Después de gruñirle un poco al abuelo por no haberla llamado Kagome comió con su familia y su madre sacó un pastel después de almorzar y le cantaron cumpleaños, su hermano Sota le regalo una Camiseta con el Logo de uno de sus juegos favoritos Valkyrie Profile 2,mostrando a una valkyria con el cabello perfecto y la ropa impecable, realizando una ataque brutal a un monstruo mas grande que ella, en tacones altos y luciendo fenomenal, Kagome sonrió tristemente ante la realidad de las batallas que ella había vivido, ella había sido arrastrada, ensuciada, halada del cabello y demás, y cuando mucho solo había lanzado un par de flechas en el lugar correcto, ella quería ser como ese personaje de ficción, y allí estaba el detalle esa valkyria era "ficción", mientras ella era muy real demasiado real, si "ella" metía la pata todo se iba al infierno y si la valkyria metía la pata, podían resetear el juego y empezar otra vez, sonrió a su hermano y le dió las gracias prometiéndole solemnemente que la usaría, aunque no le dijo que para dormir claro. Su madre le regalo un par de zapatos deportivos para montaña y su abuelo le regalo un frasco de aceite amarillento que decía eran lagrimas de demonio árbol y que era para la memoria, Kagome le lanzo una mirada fría y este solo sonrió alegremente antes de regalarle dinero y quedarse el aceite para el.
- ¡Gracias todos, ahora voy a cambiarme para comprar algunas cosas que necesitare cuando me vaya!- dijo Kagome recogiendo sus regalos.
- ¡Pero acabas de llegar hermanita!- se quejo Sota, mirándola lastimeramente.
-¡Y no me voy aun hermanito calma, me quedo por una semana y tengo que ponerme al día con las clases, llamar a las chicas a ver que tengo pendiente y además tengo que entrenar con el abuelo, Inuyasha se va a arrancar las orejas cuando le diga, pero hasta que empiece a ser capaz de practicar por mi cuenta lo que el abuelo me enseñe, vendré a casa mas a menudo, si Naraku no aparece ahora,mucho mejor para mi, aunque se que si se tarda peor será lo que nos tienen planeado!- murmuro para si misma dejando a su familia terminar su pastel, subió las escaleras dejó sus regalos en la cama, se dió una ducha rápida y se puso un conjunto de mini falda negra con medias largas negras a mitad de la pierna y suéter negro se peinó el cabello revisó su pequeño bolso de cuero negro, su móvil, las llaves de la casa, su monedero con el dinero y la tarjeta de su cuenta de ahorro, tomó la lista del abuelo y se sorprendió de los títulos "Reiki" tomo el lápiz, y empezó su lista un par de minutos después tenía todo lo que necesitaba comprar anotado, bajó las escaleras con una chaqueta negra en un brazo y unas botas negras hasta la pantorrilla en la otra. – ¡Vendré mas tarde mama, voy a llamar a las chicas para actualizarme, compró lo que necesito y regreso! ¿ok?

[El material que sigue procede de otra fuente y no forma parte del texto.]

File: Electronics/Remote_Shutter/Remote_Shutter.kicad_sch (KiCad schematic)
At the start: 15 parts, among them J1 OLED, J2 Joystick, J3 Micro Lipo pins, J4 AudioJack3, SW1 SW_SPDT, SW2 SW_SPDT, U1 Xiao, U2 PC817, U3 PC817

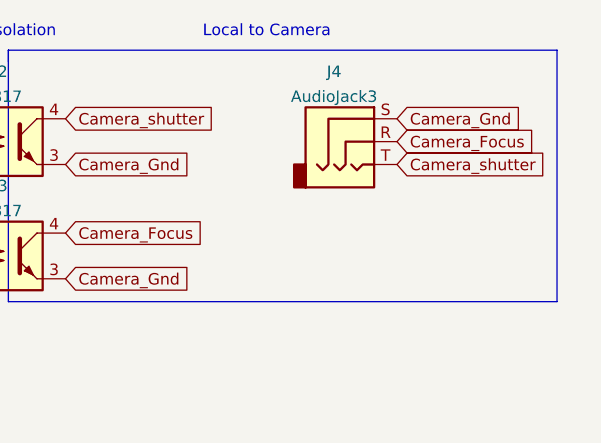
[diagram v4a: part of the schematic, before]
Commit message: fixed footprint for the TRS also made the PCB smaller and routed it.
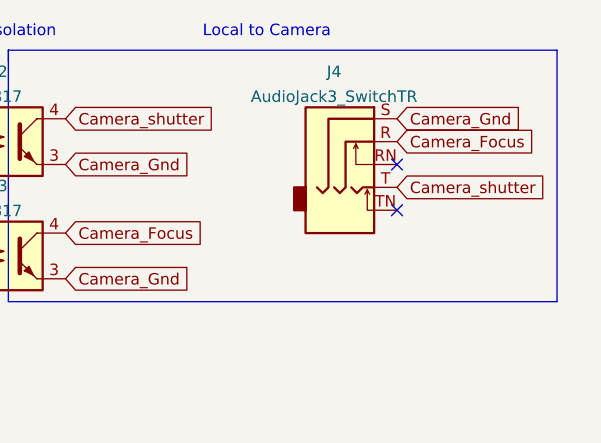
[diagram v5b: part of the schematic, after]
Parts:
- removed J4: AudioJack3, cubepattern:CUI_SJ1-3514, symbol Connector:AudioJack3
- added J4: AudioJack3_SwitchTR, cubepattern:SWITCHCRAFT_35RAPC2BH3, symbol Connector:AudioJack3_SwitchTR
- R1, R2, R3, R4: footprint Resistor_THT:R_Axial_DIN0207_L6.3mm_D2.5mm_P10.16mm_Horizontal -> Resistor_THT:R_Axial_DIN0204_L3.6mm_D1.6mm_P7.62mm_Horizontal
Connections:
- net Camera_Focus: now also J4.R
- net Camera_Gnd: now also J4.S
- net Camera_shutter: now also J4.T
- no-connect marks 4 -> 6
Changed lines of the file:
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@@
   (no_connect (at 40.64 19.05))
   (no_connect (at 43.18 19.05))
+  (no_connect (at 148.59 35.56))
+  (no_connect (at 148.59 30.48))
   (wire (pts (xy 91.44 38.1) (xy 96.52 38.1))
     (stroke (width 0) (type default) (color 0 0 0 0))
@@
     (stroke (width 0) (type default) (color 0 0 0 0))
   )
+  (wire (pts (xy 78.74 63.5) (xy 78.74 68.58))
+    (stroke (width 0) (type default) (color 0 0 0 0))
+  )
+  (wire (pts (xy 74.93 59.69) (xy 78.74 59.69))
+    (stroke (width 0) (type default) (color 0 0 0 0))
+  )
+  (polyline (pts (xy 166.37 17.78) (xy 105.41 17.78))
+    (stroke (width 0) (type default) (color 0 0 0 0))
+  )
+  (wire (pts (xy 86.36 30.48) (xy 96.52 30.48))
+    (stroke (width 0) (type default) (color 0 0 0 0))
+  )
+  (polyline (pts (xy 105.41 17.78) (xy 105.41 19.05))
+    (stroke (width 0) (type default) (color 0 0 0 0))
+  )
+  (wire (pts (xy 59.69 52.07) (xy 49.53 52.07))
+    (stroke (width 0) (type default) (color 0 0 0 0))
+  )
+  (polyline (pts (xy 15.24 71.12) (xy 15.24 60.96))
+    (stroke (width 0) (type default) (color 0 0 0 0))
+  )
   (wire (pts (xy 78.74 59.69) (xy 78.74 63.5))
-    (stroke (width 0) (type default) (color 0 0 0 0))
-  )
-  (wire (pts (xy 74.93 59.69) (xy 78.74 59.69))
-    (stroke (width 0) (type default) (color 0 0 0 0))
-  )
-  (polyline (pts (xy 166.37 17.78) (xy 105.41 17.78))
-    (stroke (width 0) (type default) (color 0 0 0 0))
-  )
-  (wire (pts (xy 86.36 30.48) (xy 96.52 30.48))
-    (stroke (width 0) (type default) (color 0 0 0 0))
-  )
-  (polyline (pts (xy 105.41 17.78) (xy 105.41 19.05))
-    (stroke (width 0) (type default) (color 0 0 0 0))
-  )
-  (wire (pts (xy 59.69 52.07) (xy 49.53 52.07))
-    (stroke (width 0) (type default) (color 0 0 0 0))
-  )
-  (polyline (pts (xy 15.24 71.12) (xy 15.24 60.96))
-    (stroke (width 0) (type default) (color 0 0 0 0))
-  )
-  (wire (pts (xy 78.74 63.5) (xy 78.74 68.58))
     (stroke (width 0) (type default) (color 0 0 0 0))
   )
@@
     )
   )
-  (global_label "Camera_shutter" (shape input) (at 148.59 30.48 0) (fields_autoplaced)
-    (effects (font (size 1.27 1.27)) (justify left))
-    (property "Intersheet References" "${INTERSHEET_REFS}" (id 0) (at 165.7593 30.4006 0)
+  (global_label "Camera_shutter" (shape input) (at 148.59 33.02 0) (fields_autoplaced)
+    (effects (font (size 1.27 1.27)) (justify left))
+    (property "Intersheet References" "${INTERSHEET_REFS}" (id 0) (at 165.7593 32.9406 0)
       (effects (font (size 1.27 1.27)) (justify left) hide)
     )
@@
   (symbol (lib_id "power:+5V") (at 24.13 49.53 90) (unit 1)
     (in_bom yes) (on_board yes) (fields_autoplaced)
-    (property "Reference" "#PWR?" (id 0) (at 27.94 49.53 0)
+    (property "Reference" "#PWR0102" (id 0) (at 27.94 49.53 0)
       (effects (font (size 1.27 1.27)) hide)
     )
@@
     )
     (pin "1")
+  )
+  (symbol (lib_id "Connector:AudioJack3_SwitchTR") (at 143.51 27.94 0) (unit 1)
+    (in_bom yes) (on_board yes) (fields_autoplaced)
+    (property "Reference" "J4" (id 0) (at 141.605 20.1635 0))
+    (property "Value" "AudioJack3_SwitchTR" (id 1) (at 141.605 22.9386 0))
+    (property "Footprint" "cubepattern:SWITCHCRAFT_35RAPC2BH3" (id 2) (at 143.51 27.94 0)
+      (effects (font (size 1.27 1.27)) hide)
+    )
+    (property "Datasheet" "~" (id 3) (at 143.51 27.94 0)
+      (effects (font (size 1.27 1.27)) hide)
+    )
+    (pin "R")
+    (pin "RN")
+    (pin "S")
+    (pin "T")
+    (pin "TN")
   )
   (symbol (lib_id "Device:R_Small") (at 88.9 38.1 90) (unit 1)
@@
     (property "Reference" "R4" (id 0) (at 88.9 33.3969 90))
     (property "Value" "220ohm" (id 1) (at 88.9 36.172 90))
-    (property "Footprint" "Resistor_THT:R_Axial_DIN0207_L6.3mm_D2.5mm_P10.16mm_Horizontal" (id 2) (at 88.9 38.1 0)
+    (property "Footprint" "Resistor_THT:R_Axial_DIN0204_L3.6mm_D1.6mm_P7.62mm_Horizontal" (id 2) (at 88.9 38.1 0)
       (effects (font (size 1.27 1.27)) hide)
     )
@@
     (property "Reference" "R3" (id 0) (at 88.9 20.6969 90))
     (property "Value" "220ohm" (id 1) (at 88.9 23.472 90))
-    (property "Footprint" "Resistor_THT:R_Axial_DIN0207_L6.3mm_D2.5mm_P10.16mm_Horizontal" (id 2) (at 88.9 25.4 0)
+    (property "Footprint" "Resistor_THT:R_Axial_DIN0204_L3.6mm_D1.6mm_P7.62mm_Horizontal" (id 2) (at 88.9 25.4 0)
       (effects (font (size 1.27 1.27)) hide)
     )
@@
   (symbol (lib_id "power:GND") (at 24.13 52.07 270) (unit 1)
     (in_bom yes) (on_board yes) (fields_autoplaced)
-    (property "Reference" "#PWR?" (id 0) (at 17.78 52.07 0)
+    (property "Reference" "#PWR0101" (id 0) (at 17.78 52.07 0)
       (effects (font (size 1.27 1.27)) hide)
     )
@@
     (property "Reference" "R1" (id 0) (at 62.23 54.9869 90))
     (property "Value" "75ohm" (id 1) (at 62.23 57.762 90))
-    (property "Footprint" "Resistor_THT:R_Axial_DIN0207_L6.3mm_D2.5mm_P10.16mm_Horizontal" (id 2) (at 62.23 59.69 0)
+    (property "Footprint" "Resistor_THT:R_Axial_DIN0204_L3.6mm_D1.6mm_P7.62mm_Horizontal" (id 2) (at 62.23 59.69 0)
       (effects (font (size 1.27 1.27)) hide)
     )
@@
     (pin "1")
     (pin "2")
-  )
-  (symbol (lib_id "Connector:AudioJack3") (at 143.51 27.94 0) (unit 1)
-    (in_bom yes) (on_board yes) (fields_autoplaced)
-    (property "Reference" "J4" (id 0) (at 141.605 20.1635 0))
-    (property "Value" "AudioJack3" (id 1) (at 141.605 22.9386 0))
-    (property "Footprint" "cubepattern:CUI_SJ1-3514" (id 2) (at 143.51 27.94 0)
-      (effects (font (size 1.27 1.27)) hide)
-    )
-    (property "Datasheet" "~" (id 3) (at 143.51 27.94 0)
-      (effects (font (size 1.27 1.27)) hide)
-    )
-    (pin "R")
-    (pin "S")
-    (pin "T")
   )
   (symbol (lib_id "power:GND") (at 88.9 60.96 90) (unit 1)
@@
     (property "Reference" "R2" (id 0) (at 62.23 63.8769 90))
     (property "Value" "10ohm" (id 1) (at 62.23 66.652 90))
-    (property "Footprint" "Resistor_THT:R_Axial_DIN0207_L6.3mm_D2.5mm_P10.16mm_Horizontal" (id 2) (at 62.23 68.58 0)
+    (property "Footprint" "Resistor_THT:R_Axial_DIN0204_L3.6mm_D1.6mm_P7.62mm_Horizontal" (id 2) (at 62.23 68.58 0)
       (effects (font (size 1.27 1.27)) hide)
     )
@@
   )
   (symbol_instances
+    (path "/b4f4fd8c-2bd4-42bb-83f4-91cfb4502a52"
+      (reference "#PWR0101") (unit 1) (value "GND") (footprint "")
+    )
+    (path "/228ec2f0-c566-4d23-b3f1-fe5d842defc4"
+      (reference "#PWR0102") (unit 1) (value "+5V") (footprint "")
+    )
     (path "/0dda9a3a-67e1-426d-8cd7-37bed7b3a5c2"
       (reference "#PWR0103") (unit 1) (value "GND") (footprint "")
@@
       (reference "#PWR0112") (unit 1) (value "GND") (footprint "")
     )
-    (path "/228ec2f0-c566-4d23-b3f1-fe5d842defc4"
-      (reference "#PWR?") (unit 1) (value "+5V") (footprint "")
-    )
-    (path "/b4f4fd8c-2bd4-42bb-83f4-91cfb4502a52"
-      (reference "#PWR?") (unit 1) (value "GND") (footprint "")
-    )
     (path "/8cb55fe4-e0f1-400c-8abb-b081e431a032"
       (reference "D1") (unit 1) (value "Red") (footprint "LED_THT:LED_D3.0mm")
@@
       (reference "J3") (unit 1) (value "Micro Lipo pins") (footprint "Connector_PinSocket_2.54mm:PinSocket_1x02_P2.54mm_Vertical")
     )
-    (path "/ca4ade4b-071e-4766-bfd1-eee3b7fe162d"
-      (reference "J4") (unit 1) (value "AudioJack3") (footprint "cubepattern:CUI_SJ1-3514")
+    (path "/25e0d0b9-b4b7-4a65-bce9-b64955e223bc"
+      (reference "J4") (unit 1) (value "AudioJack3_SwitchTR") (footprint "cubepattern:SWITCHCRAFT_35RAPC2BH3")
     )
     (path "/b8dab869-c827-4181-80d6-62cae32b4e4d"
-      (reference "R1") (unit 1) (value "75ohm") (footprint "Resistor_THT:R_Axial_DIN0207_L6.3mm_D2.5mm_P10.16mm_Horizontal")
+      (reference "R1") (unit 1) (value "75ohm") (footprint "Resistor_THT:R_Axial_DIN0204_L3.6mm_D1.6mm_P7.62mm_Horizontal")
     )
     (path "/f999f196-9de3-4cc5-a73e-ea12c61d5580"
-      (reference "R2") (unit 1) (value "10ohm") (footprint "Resistor_THT:R_Axial_DIN0207_L6.3mm_D2.5mm_P10.16mm_Horizontal")
+      (reference "R2") (unit 1) (value "10ohm") (footprint "Resistor_THT:R_Axial_DIN0204_L3.6mm_D1.6mm_P7.62mm_Horizontal")
     )
     (path "/4a583b03-7ba0-42d6-ac20-d9bd4ec5453d"
-      (reference "R3") (unit 1) (value "220ohm") (footprint "Resistor_THT:R_Axial_DIN0207_L6.3mm_D2.5mm_P10.16mm_Horizontal")
+      (reference "R3") (unit 1) (value "220ohm") (footprint "Resistor_THT:R_Axial_DIN0204_L3.6mm_D1.6mm_P7.62mm_Horizontal")
     )
     (path "/2a88d07d-3256-48f8-9a69-efbd4975a15a"
-      (reference "R4") (unit 1) (value "220ohm") (footprint "Resistor_THT:R_Axial_DIN0207_L6.3mm_D2.5mm_P10.16mm_Horizontal")
+      (reference "R4") (unit 1) (value "220ohm") (footprint "Resistor_THT:R_Axial_DIN0204_L3.6mm_D1.6mm_P7.62mm_Horizontal")
     )
     (path "/9b9bebe1-6e72-41f1-8bcc-e007286966c7"

Te quiero!- se despidió Kagome desde la entrada de la casa donde se coloco las botas y la chaqueta por encima de la correa de la cartera que cruzaba desde su hombro derecho a la cadera izquierda.
- ¡No llegues muy tarde!- dijo su madre mas por costumbre que por advertencia, Kagome había demostrado ser responsable en todo, por eso podía confiar en sus acciones aun cuando no estuviera viéndola, ella sabía que su hija haría lo correcto siempre.
- ¡Ok mama si al final necesitas algo de la tienda avísame!- Se despidió Kagome antes de cerrar la puerta tras ella, atravesar el patio del templo y bajar las escaleras a buen ritmo antes de estrellarse penosamente con un hombre de traje, que iba pasando por la acera en la que se suponía debía haberse detenido para darle paso pero ella había sido catapultada hacia delante en su apuro por llegar a la librería y ponerle las manos encima a esos libros que su abuelo había recomendado- ¡Uy lo siento, lo siento, lo sientooooo!- Se disculpo avergonzada saliendo de entre los brazos del hombre que no debía pasar de los treinta a treinta y cinco años, alto de porte atlético cabellos negros azabaches y ojos azules como los de ella.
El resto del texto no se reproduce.